# 2016 USB port replacement



## richsbca (Dec 15, 2019)

Well, once I figure out how to do this and what the ultimate solution is I'll be sure to post it here. If anyone has any input always appreciated!


----------



## WillL84 (Aug 5, 2019)

In my '17 with my S9+ when I plug it into USB it auto opens the AA app on the phone and the "projection" button on the car turns into an AA button. You need to have Bluetooth turned on and your phone connected to your car as well. Gotta have both the USB and BT connected for it to work. Also maybe try a higher quality cable.

The slow charging is normal though - that's the only thing I hate about the built-in USB.

This is in a Subaru but it's all I could find with the newer updated AA interface. BT and USB connections still apply though.


----------



## richsbca (Dec 15, 2019)

WillL84 said:


> In my '17 with my S9+ when I plug it into USB it auto opens the AA app on the phone and the "projection" button on the car turns into an AA button. You need to have Bluetooth turned on and your phone connected to your car as well. Gotta have both the USB and BT connected for it to work. Also maybe try a higher quality cable.
> 
> The slow charging is normal though - that's the only thing I hate about the built-in USB.
> 
> This is in a Subaru but it's all I could find with the newer updated AA interface. BT and USB connections still apply though.


Hey Will! Yes, I had the BT on and connected still no screen projection to the car. If I press the 'projection' button I get the same message as when it's not connected. 

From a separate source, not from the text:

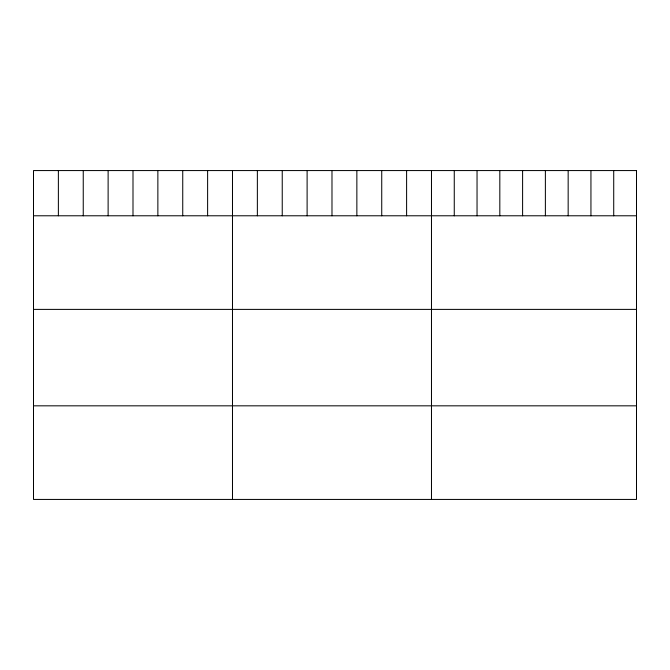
<?xml version="1.0" encoding="UTF-8"?>
<svg xmlns="http://www.w3.org/2000/svg" width="670" height="670" viewBox="0 0 670 670"><rect width="100%" height="100%" fill="white"/><g stroke="black" fill="none" stroke-linecap="round" stroke-linejoin="round"><path stroke-width="1" d="M33.5 215.782L636.5 215.782M33.5 309.389L636.5 309.389M33.5 405.827L636.5 405.827M613.72 170.565L613.72 215.782M590.94 170.565L590.94 215.782M568.16 170.565L568.16 215.782M545.38 170.565L545.38 215.782M522.6 170.565L522.6 215.782M499.82 170.565L499.82 215.782M477.04 170.565L477.04 215.782M454.26 170.565L454.26 215.782M431.48 170.565L431.48 499.435M406.606 170.565L406.606 215.782M381.733 170.565L381.733 215.782M356.859 170.565L356.859 215.782M331.985 170.565L331.985 215.782M307.111 170.565L307.111 215.782M282.238 170.565L282.238 215.782M257.364 170.565L257.364 215.782M232.49 170.565L232.49 499.435M207.616 170.565L207.616 215.782M182.743 170.565L182.743 215.782M157.869 170.565L157.869 215.782M132.995 170.565L132.995 215.782M108.121 170.565L108.121 215.782M83.248 170.565L83.248 215.782M58.374 170.565L58.374 215.782M636.5 170.565L33.5 170.565L33.5 499.435L636.5 499.435L636.5 170.565"/></g></svg>

If I could only find some instructions on how to do this before I dive in....


----------



## WillL84 (Aug 5, 2019)

If AA is set up correctly you won't see the "Projection" button. When AA is connected the "Projection" changes to "Android Auto" with the AA logo.Try opening the AA app on your phone before you plug it in. Mine works properly 98% of the time and the rest it just refuses to connect via AA until the nest shut off/start car cycle


----------